The lines to extract run from the start of the records through the line with "#3=PRODUCT_CONTEXT('',#1,'mechanical');", both ends included; drop the pictures.
═══ THE DATA ═══
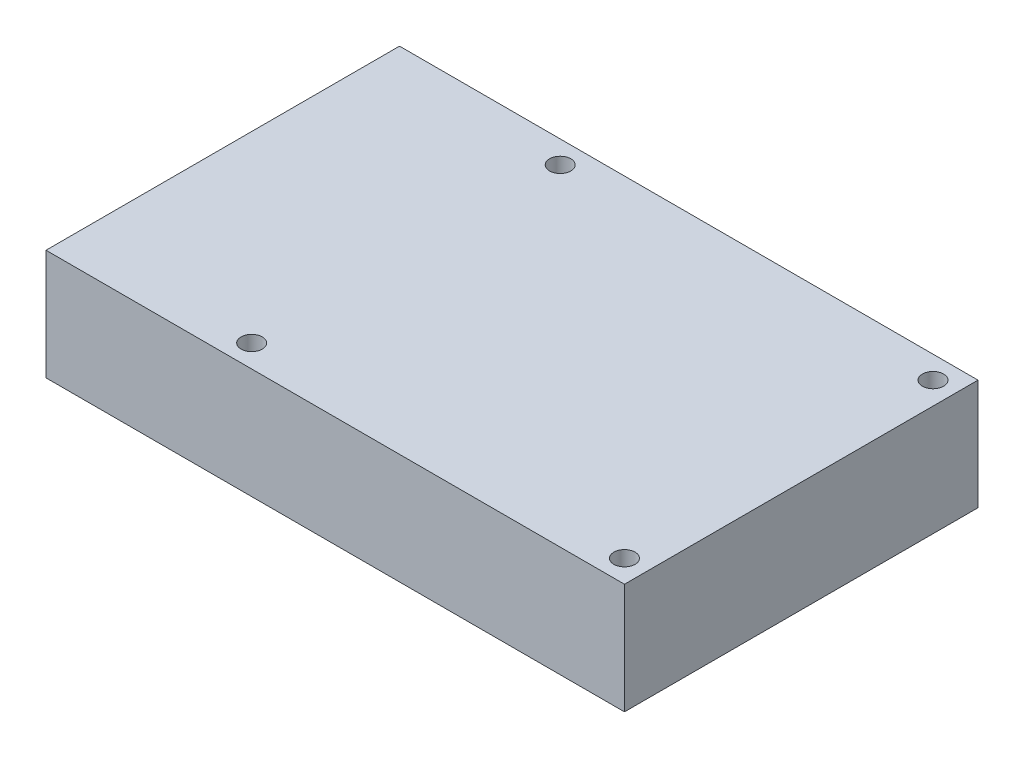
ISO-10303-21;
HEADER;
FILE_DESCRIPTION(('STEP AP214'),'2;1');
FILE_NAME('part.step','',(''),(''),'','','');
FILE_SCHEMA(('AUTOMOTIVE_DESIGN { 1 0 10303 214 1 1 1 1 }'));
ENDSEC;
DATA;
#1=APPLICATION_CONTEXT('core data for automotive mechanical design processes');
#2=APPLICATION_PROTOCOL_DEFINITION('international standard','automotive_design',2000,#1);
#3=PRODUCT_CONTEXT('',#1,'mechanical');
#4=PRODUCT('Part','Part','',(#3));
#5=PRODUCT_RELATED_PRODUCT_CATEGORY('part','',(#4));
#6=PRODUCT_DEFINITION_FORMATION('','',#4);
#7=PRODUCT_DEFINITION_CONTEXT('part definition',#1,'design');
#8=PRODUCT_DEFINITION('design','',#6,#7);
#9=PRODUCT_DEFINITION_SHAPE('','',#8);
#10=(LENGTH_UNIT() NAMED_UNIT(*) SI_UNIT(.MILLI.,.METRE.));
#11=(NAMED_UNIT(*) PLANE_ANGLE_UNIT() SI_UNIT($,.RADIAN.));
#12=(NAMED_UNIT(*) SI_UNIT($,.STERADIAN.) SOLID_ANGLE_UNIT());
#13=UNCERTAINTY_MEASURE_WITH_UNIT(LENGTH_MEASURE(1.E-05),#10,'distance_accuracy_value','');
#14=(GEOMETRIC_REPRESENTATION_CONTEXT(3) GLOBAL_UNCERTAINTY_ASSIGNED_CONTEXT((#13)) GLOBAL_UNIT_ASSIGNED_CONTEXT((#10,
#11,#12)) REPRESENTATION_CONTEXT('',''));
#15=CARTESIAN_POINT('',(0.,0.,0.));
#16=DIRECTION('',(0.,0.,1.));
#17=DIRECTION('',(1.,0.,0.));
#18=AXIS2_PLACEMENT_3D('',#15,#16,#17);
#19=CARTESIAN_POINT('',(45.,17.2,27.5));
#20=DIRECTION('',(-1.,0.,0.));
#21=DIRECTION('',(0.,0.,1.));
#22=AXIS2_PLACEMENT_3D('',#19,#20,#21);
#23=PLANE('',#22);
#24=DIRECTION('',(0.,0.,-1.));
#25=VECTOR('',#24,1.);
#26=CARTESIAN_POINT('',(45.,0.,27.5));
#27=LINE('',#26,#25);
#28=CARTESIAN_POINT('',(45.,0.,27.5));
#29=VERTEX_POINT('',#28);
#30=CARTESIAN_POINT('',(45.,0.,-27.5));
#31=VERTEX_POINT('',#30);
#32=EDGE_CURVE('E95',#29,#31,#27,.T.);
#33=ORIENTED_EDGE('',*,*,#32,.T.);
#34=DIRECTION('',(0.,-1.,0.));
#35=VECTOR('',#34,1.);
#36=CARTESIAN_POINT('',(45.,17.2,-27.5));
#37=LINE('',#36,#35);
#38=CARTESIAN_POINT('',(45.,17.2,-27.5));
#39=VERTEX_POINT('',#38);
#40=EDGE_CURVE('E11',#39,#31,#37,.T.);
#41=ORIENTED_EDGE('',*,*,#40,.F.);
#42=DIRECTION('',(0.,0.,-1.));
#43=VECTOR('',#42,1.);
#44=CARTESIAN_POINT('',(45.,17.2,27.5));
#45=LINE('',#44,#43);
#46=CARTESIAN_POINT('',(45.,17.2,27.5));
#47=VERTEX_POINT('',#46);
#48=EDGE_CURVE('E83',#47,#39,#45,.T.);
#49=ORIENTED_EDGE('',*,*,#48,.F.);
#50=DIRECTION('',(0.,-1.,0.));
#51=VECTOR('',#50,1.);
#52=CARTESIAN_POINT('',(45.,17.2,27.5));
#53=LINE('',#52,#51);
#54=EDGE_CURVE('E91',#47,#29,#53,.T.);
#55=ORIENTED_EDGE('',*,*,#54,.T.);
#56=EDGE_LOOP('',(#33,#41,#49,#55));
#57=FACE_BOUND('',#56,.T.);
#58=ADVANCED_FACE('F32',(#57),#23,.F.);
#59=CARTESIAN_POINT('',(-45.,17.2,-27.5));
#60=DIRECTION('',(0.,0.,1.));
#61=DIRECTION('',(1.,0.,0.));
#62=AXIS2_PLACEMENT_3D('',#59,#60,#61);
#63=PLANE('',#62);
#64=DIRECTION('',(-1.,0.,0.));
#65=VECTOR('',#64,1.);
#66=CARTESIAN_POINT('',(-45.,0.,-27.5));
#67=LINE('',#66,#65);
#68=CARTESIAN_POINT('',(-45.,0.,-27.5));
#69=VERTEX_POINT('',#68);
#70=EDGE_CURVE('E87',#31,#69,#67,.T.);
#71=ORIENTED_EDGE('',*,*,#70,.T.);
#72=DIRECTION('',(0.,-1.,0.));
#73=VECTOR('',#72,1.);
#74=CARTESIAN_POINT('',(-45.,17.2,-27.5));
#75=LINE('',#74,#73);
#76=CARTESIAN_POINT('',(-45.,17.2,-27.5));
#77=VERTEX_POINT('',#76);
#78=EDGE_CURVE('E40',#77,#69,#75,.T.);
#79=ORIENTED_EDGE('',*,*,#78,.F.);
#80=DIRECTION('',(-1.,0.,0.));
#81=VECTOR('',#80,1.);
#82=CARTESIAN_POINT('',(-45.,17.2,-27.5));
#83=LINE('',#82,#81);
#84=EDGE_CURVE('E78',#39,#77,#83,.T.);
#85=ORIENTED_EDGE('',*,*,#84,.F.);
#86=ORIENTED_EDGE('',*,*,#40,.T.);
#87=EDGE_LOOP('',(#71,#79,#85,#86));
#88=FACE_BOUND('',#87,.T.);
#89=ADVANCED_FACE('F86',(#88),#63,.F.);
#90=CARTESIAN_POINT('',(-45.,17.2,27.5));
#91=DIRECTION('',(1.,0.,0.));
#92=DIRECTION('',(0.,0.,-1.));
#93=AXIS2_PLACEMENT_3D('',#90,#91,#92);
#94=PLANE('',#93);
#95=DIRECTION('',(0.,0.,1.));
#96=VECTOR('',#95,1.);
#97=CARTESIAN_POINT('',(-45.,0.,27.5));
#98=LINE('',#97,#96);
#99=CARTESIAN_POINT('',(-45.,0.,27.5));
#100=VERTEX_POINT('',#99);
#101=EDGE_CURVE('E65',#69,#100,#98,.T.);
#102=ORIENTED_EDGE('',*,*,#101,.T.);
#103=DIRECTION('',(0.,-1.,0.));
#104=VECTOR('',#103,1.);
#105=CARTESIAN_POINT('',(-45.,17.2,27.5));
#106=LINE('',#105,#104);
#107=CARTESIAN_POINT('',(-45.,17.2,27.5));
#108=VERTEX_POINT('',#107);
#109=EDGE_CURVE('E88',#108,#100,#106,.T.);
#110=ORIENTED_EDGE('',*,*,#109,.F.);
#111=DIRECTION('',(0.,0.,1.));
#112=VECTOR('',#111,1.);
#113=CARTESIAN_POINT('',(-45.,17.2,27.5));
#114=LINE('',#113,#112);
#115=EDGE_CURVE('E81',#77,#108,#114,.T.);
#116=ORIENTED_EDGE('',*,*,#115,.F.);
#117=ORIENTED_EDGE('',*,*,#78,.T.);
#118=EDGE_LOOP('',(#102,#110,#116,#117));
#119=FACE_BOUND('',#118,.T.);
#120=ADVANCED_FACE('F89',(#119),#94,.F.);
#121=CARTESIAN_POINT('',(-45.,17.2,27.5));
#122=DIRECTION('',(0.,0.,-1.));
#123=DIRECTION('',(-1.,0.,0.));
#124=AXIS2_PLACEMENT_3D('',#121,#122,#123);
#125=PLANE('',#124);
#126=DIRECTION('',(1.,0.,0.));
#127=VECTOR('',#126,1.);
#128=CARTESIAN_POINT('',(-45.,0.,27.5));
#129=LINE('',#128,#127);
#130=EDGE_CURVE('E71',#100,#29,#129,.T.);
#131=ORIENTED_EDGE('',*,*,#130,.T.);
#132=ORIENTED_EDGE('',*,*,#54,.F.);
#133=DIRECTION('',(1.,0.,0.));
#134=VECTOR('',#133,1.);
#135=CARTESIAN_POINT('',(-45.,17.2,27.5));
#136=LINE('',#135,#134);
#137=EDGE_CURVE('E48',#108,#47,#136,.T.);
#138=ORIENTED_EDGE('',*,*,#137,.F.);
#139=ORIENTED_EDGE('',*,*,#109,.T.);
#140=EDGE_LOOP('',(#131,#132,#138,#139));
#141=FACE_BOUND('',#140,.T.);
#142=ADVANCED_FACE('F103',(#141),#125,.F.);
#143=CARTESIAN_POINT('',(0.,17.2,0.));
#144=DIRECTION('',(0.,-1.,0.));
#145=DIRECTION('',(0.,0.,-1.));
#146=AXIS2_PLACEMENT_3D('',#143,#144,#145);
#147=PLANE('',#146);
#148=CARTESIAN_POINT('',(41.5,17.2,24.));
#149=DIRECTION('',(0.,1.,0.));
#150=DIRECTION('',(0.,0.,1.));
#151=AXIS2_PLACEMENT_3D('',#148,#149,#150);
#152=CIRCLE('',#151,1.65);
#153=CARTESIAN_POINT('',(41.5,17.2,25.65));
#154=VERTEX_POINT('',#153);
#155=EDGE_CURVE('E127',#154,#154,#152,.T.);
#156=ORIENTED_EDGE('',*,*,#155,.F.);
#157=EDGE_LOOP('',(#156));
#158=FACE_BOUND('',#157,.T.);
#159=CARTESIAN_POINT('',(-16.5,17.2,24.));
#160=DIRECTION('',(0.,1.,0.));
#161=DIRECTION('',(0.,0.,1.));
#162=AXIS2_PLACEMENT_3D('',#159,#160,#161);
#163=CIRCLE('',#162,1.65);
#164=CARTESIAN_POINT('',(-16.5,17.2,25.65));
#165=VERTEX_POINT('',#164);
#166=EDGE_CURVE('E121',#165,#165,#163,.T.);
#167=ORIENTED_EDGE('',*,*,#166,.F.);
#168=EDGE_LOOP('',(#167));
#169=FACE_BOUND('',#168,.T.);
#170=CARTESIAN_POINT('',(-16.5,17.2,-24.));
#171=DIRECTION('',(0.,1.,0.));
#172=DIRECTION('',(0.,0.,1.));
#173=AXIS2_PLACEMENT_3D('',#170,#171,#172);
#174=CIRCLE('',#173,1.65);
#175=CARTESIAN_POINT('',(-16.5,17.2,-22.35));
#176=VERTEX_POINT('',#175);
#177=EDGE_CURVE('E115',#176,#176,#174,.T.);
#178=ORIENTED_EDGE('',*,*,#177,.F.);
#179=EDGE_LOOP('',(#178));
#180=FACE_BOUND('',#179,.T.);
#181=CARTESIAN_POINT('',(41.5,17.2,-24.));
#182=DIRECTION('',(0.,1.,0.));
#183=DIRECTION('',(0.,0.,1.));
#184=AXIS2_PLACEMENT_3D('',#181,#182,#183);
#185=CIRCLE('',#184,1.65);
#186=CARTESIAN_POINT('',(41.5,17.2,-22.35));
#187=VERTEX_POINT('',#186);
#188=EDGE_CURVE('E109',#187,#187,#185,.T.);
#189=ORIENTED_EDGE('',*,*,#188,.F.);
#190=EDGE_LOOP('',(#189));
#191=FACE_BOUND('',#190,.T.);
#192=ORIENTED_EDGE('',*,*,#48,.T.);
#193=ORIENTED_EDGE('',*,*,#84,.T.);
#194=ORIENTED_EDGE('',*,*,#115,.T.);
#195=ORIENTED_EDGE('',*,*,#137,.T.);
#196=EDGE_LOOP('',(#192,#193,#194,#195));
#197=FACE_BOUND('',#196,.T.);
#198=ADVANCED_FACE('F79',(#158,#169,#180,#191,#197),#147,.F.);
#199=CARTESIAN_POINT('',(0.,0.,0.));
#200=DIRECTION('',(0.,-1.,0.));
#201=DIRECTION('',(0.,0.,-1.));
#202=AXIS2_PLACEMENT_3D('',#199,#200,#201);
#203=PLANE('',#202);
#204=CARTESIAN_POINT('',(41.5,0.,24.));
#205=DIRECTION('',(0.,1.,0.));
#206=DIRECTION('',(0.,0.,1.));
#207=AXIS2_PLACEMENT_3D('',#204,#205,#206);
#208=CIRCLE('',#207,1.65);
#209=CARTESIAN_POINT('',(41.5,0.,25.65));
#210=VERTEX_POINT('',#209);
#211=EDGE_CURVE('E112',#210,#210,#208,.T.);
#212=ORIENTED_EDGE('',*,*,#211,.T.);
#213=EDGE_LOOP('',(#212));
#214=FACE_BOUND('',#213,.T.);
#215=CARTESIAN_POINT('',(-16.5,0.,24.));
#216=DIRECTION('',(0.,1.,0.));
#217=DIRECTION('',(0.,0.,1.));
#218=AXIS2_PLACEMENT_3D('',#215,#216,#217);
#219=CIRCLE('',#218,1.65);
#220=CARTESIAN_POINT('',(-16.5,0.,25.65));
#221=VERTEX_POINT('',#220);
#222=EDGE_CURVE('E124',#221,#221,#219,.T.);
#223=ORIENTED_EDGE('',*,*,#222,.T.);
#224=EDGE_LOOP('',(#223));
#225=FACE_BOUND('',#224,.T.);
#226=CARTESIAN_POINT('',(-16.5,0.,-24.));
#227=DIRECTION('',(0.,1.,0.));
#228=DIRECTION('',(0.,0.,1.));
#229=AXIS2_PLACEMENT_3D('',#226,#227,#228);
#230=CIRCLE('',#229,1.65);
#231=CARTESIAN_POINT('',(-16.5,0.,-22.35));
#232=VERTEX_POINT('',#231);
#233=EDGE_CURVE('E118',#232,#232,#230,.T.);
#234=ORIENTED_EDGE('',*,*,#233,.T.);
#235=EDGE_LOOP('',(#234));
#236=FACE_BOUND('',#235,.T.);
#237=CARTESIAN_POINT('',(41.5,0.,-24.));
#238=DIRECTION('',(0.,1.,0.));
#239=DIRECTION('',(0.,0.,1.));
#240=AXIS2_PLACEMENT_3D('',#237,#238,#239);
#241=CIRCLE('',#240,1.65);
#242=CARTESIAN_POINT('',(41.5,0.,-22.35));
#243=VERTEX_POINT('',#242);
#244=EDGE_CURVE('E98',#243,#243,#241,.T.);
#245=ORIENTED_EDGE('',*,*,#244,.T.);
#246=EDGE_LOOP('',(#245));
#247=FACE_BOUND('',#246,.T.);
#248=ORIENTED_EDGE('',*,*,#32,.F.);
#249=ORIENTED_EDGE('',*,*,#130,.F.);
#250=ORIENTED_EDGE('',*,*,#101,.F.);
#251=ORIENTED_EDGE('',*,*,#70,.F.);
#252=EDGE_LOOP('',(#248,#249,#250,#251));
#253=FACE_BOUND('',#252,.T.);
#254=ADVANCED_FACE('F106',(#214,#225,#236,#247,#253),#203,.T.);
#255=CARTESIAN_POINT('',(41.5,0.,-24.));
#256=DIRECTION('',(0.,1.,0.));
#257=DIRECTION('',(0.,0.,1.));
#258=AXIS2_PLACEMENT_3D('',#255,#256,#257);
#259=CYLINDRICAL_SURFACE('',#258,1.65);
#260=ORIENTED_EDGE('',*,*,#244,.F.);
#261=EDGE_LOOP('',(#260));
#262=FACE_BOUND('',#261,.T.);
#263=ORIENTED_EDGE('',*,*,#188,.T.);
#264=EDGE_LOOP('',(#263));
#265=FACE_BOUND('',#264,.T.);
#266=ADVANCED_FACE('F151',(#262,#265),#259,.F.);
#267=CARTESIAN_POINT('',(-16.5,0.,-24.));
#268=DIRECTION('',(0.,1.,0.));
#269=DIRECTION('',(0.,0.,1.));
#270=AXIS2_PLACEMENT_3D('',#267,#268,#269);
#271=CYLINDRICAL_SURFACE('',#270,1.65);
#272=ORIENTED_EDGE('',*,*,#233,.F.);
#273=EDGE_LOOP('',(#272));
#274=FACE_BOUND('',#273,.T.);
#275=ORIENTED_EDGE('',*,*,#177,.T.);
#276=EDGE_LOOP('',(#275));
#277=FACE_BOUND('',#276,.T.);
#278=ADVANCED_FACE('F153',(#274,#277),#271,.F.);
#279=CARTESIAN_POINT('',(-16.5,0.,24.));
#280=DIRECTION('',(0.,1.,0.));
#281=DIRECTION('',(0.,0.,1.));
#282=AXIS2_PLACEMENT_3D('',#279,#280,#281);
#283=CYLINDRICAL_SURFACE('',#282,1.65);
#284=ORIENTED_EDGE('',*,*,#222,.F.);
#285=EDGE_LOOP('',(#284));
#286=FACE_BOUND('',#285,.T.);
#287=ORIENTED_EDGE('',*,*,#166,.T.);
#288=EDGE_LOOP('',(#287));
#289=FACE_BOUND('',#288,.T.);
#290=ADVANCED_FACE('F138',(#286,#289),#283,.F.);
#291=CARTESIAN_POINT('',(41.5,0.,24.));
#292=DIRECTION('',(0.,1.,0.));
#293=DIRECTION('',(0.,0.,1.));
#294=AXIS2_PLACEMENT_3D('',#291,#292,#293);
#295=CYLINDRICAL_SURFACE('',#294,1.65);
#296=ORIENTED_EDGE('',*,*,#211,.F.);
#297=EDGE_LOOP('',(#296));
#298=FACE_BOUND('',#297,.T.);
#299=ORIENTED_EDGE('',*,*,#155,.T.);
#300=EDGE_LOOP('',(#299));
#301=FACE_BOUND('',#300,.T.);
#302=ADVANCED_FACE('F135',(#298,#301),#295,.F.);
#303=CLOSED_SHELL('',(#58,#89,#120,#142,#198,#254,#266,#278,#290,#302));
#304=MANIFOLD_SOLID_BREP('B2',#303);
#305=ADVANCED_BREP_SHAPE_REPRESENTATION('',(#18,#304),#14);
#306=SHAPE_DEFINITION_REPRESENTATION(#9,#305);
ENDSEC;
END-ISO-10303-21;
═══
RESULT:
ISO-10303-21;
HEADER;
FILE_DESCRIPTION(('STEP AP214'),'2;1');
FILE_NAME('part.step','',(''),(''),'','','');
FILE_SCHEMA(('AUTOMOTIVE_DESIGN { 1 0 10303 214 1 1 1 1 }'));
ENDSEC;
DATA;
#1=APPLICATION_CONTEXT('core data for automotive mechanical design processes');
#2=APPLICATION_PROTOCOL_DEFINITION('international standard','automotive_design',2000,#1);
#3=PRODUCT_CONTEXT('',#1,'mechanical');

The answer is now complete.